T’as où les vaches ?

 

Le Pré aux vaches, de Rémi Farnos, fait partie de la collection des livres promenades cartonnés[1] de la maison d’édition de la Joie de lire. Un même lieu est représenté d’une page à l’autre tandis qu’un élément nouveau est généré à chaque page.

La première de couverture présente une prairie fort animée.

Farnos, R. (2018). Le pré aux vaches © La Joie de lire.

Ouvrons le livre. Nous découvrons, au premier plan, des artistes qui s’agitent sur une colline. Une équipée bigarrée, éclectique se dirige au sommet. Elle est chargée.

 

Farnos, R. (2018). Le pré aux vaches © La Joie de lire.

Les vaches curieuses observent et commentent, intriguées, ces sisyphes heureux. « Qu’est-ce qu’ils font là ces drôles d’oiseaux ? », dit l’une d’elles. A l’arrière-plan, une ville est esquissée au bord d’une étendue d’eau.

Au fil des pages, le bric-à-brac se précise. Ce sera « le joyeux bricolage » d’une œuvre commune. « C’est comme à Bex[2] ou à Môtiers », dira ma fille en découvrant l’album ! Voici l’art en plein air, à ciel ouvert, hors des musées et des galeries.

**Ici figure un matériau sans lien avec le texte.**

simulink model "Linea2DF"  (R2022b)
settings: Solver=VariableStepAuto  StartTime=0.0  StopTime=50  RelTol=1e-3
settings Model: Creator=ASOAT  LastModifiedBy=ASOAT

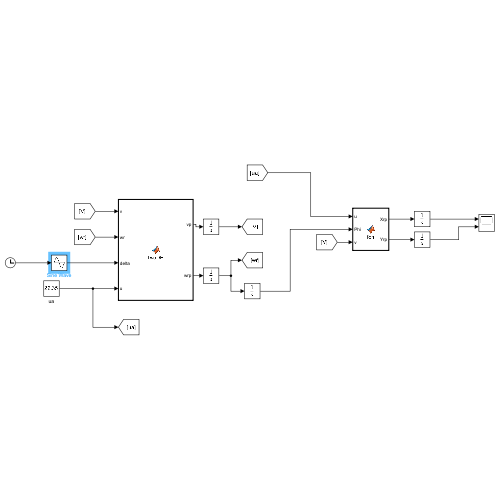
[thumbnail: Simulink's stored preview of the top-level diagram]
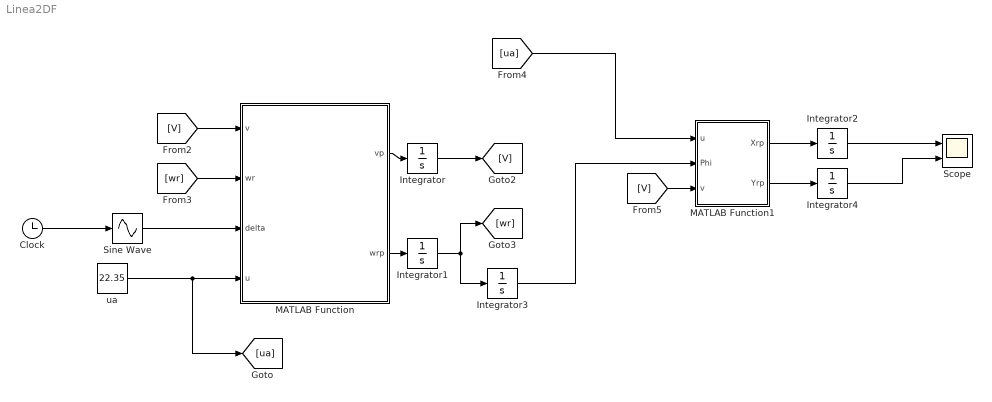
== system Linea2DF ==
  Clock : Clock
  Integrator{,1..4} (5 alike) : Integrator
  MATLAB Function : MATLAB Function  TreatAsAtomicUnit=on
  MATLAB Function1 : MATLAB Function  TreatAsAtomicUnit=on
  Scope : Scope  NumInputPorts=2
  Sine Wave : Sin  TimeSource=Use external signal  Amplitude=pi/6  SampleTime=0
  ua : Constant  Value=22.35
  wires:
  MATLAB Function/1(vp) -> Integrator/1
  MATLAB Function/2(wrp) -> Integrator1/1
  [V] -> MATLAB Function/1(v)
  [wr] -> MATLAB Function/2(wr)
  [ua] -> MATLAB Function1/1(u)
  Integrator/1 -> [V]
  Integrator1/1 -> Integrator3/1, [wr]
  MATLAB Function1/1(Xrp) -> Integrator2/1
  MATLAB Function1/2(Yrp) -> Integrator4/1
  Integrator2/1 -> Scope/1
  Integrator4/1 -> Scope/2
  Integrator3/1 -> MATLAB Function1/2(Phi)
  [V] -> MATLAB Function1/3(v)
  ua/1 -> [ua], MATLAB Function/4(u)
  Sine Wave/1 -> MATLAB Function/3(delta)
  Clock/1 -> Sine Wave/1

== matlab function Linea2DF/MATLAB Function1 ==
  data: u input; Xrp output; Phi input; Yrp output; v input
function [Xrp, Yrp] = fcn(u,Phi,v)

beta = atan(v/u);

gamma = beta + Phi;


Xrp = cos(gamma)*u;
Yrp = sin(gamma)*u;

== matlab function Linea2DF/MATLAB Function ==
  data: v input; wr input; delta input; vp output; wrp output; u input
function [vp,wrp] =  twoDF(v, wr,delta,u)
m = 1818.2;
Iz = 3885;
a = 1.463;
b = 1.585;
k1 = -62618;
k2 = -110185;

vp = ((k1+k2)*v/u+(1/u)*(a*k1-b*k2)*wr-k1*delta)/m - u*wr;
wrp = ((a*k1-b*k2)*v/u+(1/u)*(a^2*k1+b^2*k2)*wr-a*k1*delta)/Iz;

L’album invite à la promenade.

On assiste à l’arrivée des artistes qui prennent possession de l’espace vert. Les policiers vérifient si toutes les autorisations sont en ordre. On choisit le meilleur emplacement. On suit le développement de chaque créateur : l’un impose une œuvre déjà pensée, un autre bricole avec les matériaux du coin, un autre encore puise son inspiration dans le lieu. Il n’y a pas de commodités d’accrochages, ni d’aide à l’installation. Vient ensuite la photo incontournable qui immortalise la grande famille. Puis les visiteurs arrivent, contemplent et partent. Une fois que tout est déserté, le paysan reprend possession de son champ, s’installe sur un canapé. Il prend place dans l’œuvre. Il l’anime ; il est l’œuvre, devant la télé, assis à côté de son chien, tranquille…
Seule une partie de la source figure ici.